_What the task asks_
Nothing but a number should be given: how many lines in the listing contain the word "construction".

_Dataset extract_

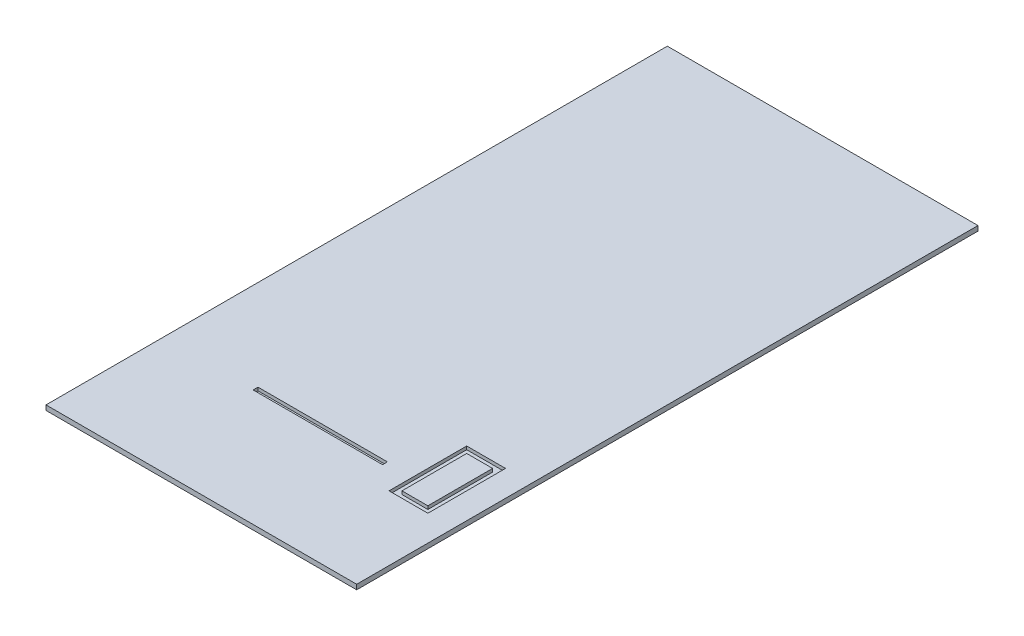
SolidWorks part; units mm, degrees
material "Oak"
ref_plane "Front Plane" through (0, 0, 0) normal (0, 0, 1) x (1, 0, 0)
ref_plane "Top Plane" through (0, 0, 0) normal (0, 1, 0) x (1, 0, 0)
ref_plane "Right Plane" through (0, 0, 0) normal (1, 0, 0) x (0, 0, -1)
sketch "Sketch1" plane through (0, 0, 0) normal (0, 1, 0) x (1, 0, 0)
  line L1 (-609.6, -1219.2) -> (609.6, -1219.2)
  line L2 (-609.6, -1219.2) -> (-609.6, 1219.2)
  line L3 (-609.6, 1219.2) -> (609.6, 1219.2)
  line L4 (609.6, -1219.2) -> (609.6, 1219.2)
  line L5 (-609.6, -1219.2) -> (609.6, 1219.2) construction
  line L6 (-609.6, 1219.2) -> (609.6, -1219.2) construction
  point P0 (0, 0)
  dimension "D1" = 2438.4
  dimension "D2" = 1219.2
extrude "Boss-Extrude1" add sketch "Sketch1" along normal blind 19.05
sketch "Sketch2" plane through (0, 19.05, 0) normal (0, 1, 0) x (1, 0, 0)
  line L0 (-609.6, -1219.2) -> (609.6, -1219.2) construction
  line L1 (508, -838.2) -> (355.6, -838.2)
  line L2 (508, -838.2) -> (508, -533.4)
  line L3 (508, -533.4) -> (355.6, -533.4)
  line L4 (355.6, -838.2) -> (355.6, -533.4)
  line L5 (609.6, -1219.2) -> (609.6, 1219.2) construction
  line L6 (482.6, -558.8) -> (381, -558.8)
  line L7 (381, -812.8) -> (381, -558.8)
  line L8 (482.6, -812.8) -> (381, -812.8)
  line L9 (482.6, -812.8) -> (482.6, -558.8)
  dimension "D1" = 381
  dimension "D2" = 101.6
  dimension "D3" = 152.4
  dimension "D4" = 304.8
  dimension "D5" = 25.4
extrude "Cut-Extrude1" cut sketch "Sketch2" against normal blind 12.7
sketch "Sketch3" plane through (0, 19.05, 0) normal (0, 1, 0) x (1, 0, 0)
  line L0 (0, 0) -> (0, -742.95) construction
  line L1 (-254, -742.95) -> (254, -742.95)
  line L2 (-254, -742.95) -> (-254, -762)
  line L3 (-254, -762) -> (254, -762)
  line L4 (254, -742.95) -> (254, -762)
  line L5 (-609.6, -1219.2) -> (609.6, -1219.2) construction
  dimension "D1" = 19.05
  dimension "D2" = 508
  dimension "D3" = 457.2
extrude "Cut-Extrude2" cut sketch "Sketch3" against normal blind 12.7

_Result of this exercise_
6